Squid Game, El Salvador, and Crypto as Legal Tender
· Jerwin Arnado
Archive note: this is a backdated post, written years later while rebuilding this site. It’s dated to the moment it covers, but the hindsight is real.
September produced two stories that don’t seem related until you look twice.
On September 7, El Salvador became the first country to make Bitcoin legal tender — government wallet, $30 airdrop per citizen, businesses required to accept it. Launch day featured the Chivo app buckling, BTC dropping double digits, and street protests. On September 17, Netflix released Squid Game, a Korean drama about 456 debt-crushed people playing children’s games for money while the rich watch. It’s on pace to become the biggest series launch Netflix has ever had, and the tracksuits will be at every Halloween party on the planet.
One is monetary policy, one is television. Both are about the same thing: what people will accept when the normal economy has already failed them.
Why Squid Game hit this hard
Korean media has been building to this global moment for years — Parasite took the Oscar in 2020 — but Squid Game’s timing is surgical. After eighteen months of pandemic precarity, a show where ordinary people (a laid-off worker, a migrant laborer, a failed fund manager) gamble their lives because ordinary life was already unsurvivable doesn’t play as dystopian fantasy. It plays as exaggeration of the news.
The detail everyone quotes: the players are shown the door. They vote to leave. Then they look at their actual lives — debt collectors, sick parents, no prospects — and come back voluntarily. The horror isn’t the games. It’s that the games are competitive with reality.
Why El Salvador rhymes
Strip the crypto-twitter noise and El Salvador’s bet is a desperation story too: a heavily remittance-dependent economy (sound familiar?) where fees eat workers’ transfers, a population largely unbanked, betting national monetary policy on volatile software because the conventional path wasn’t working. Maybe it’s visionary. Maybe it’s the president gambling the treasury with the confidence of the guy posting green candles in the group chat. Honestly, the launch-day price dip already gave citizens their first lesson in what “volatile” means when it’s your salary.

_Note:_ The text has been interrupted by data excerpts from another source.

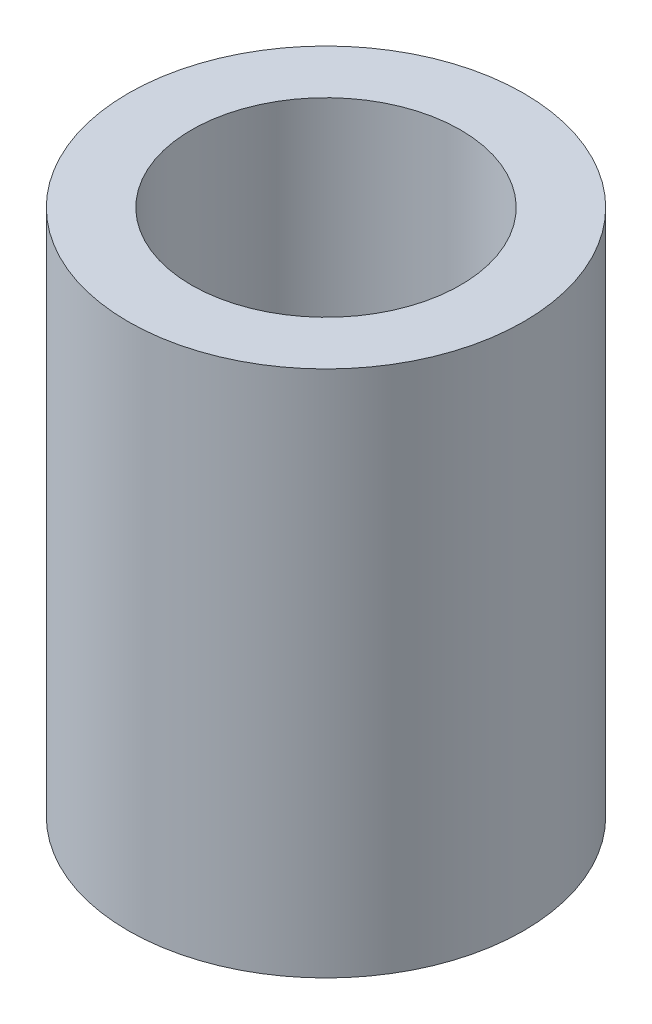
from build123d import *

# Parameters (mm, degrees)
SKETCH1_R           = 4.7625
SKETCH1_R_2         = 3.2385
BOSS_EXTRUDE1_DEPTH = 6.35


with BuildPart() as part:
    # Sketch1 → Boss-Extrude1 (new, symmetric)
    with BuildSketch(Plane(origin=(0, 0, 0), x_dir=(1, 0, 0), z_dir=(0, 1, 0))):
        with Locations(Location((0, 0, 0), (0, 0, 270))):
            Circle(SKETCH1_R)
        with Locations(Location((0, 0, 0), (0, 0, 270))):
            Circle(SKETCH1_R_2, mode=Mode.SUBTRACT)
    extrude(amount=BOSS_EXTRUDE1_DEPTH, both=True)


solid = part.part

The Philippines watches this with more than curiosity. We’re one of the world’s top remittance economies; OFW transfer fees are a real tax on real families; and our own play-to-earn experiment has already proven Filipinos will adopt strange new economic rails fast when the old ones underdeliver. Whatever happens in El Salvador is a preview of arguments coming to our own policy table.
The common thread
Squid Game’s villains film the desperation for entertainment. Crypto’s worst actors monetize it through leverage and exit liquidity. But in both stories, the people opting in aren’t stupid — they’re unserved. They looked at the legitimate options and found them rigged or empty.
That’s the part worth sitting with, beyond the memes and the candlesticks: every strange thing people flocked to this year — P2E grinding, meme stocks, national Bitcoin experiments — is a referendum on the systems that were supposed to serve them. Fix the underlying scoreboard, and the desperate games lose players.
Until then: gganbu, and mind your debt.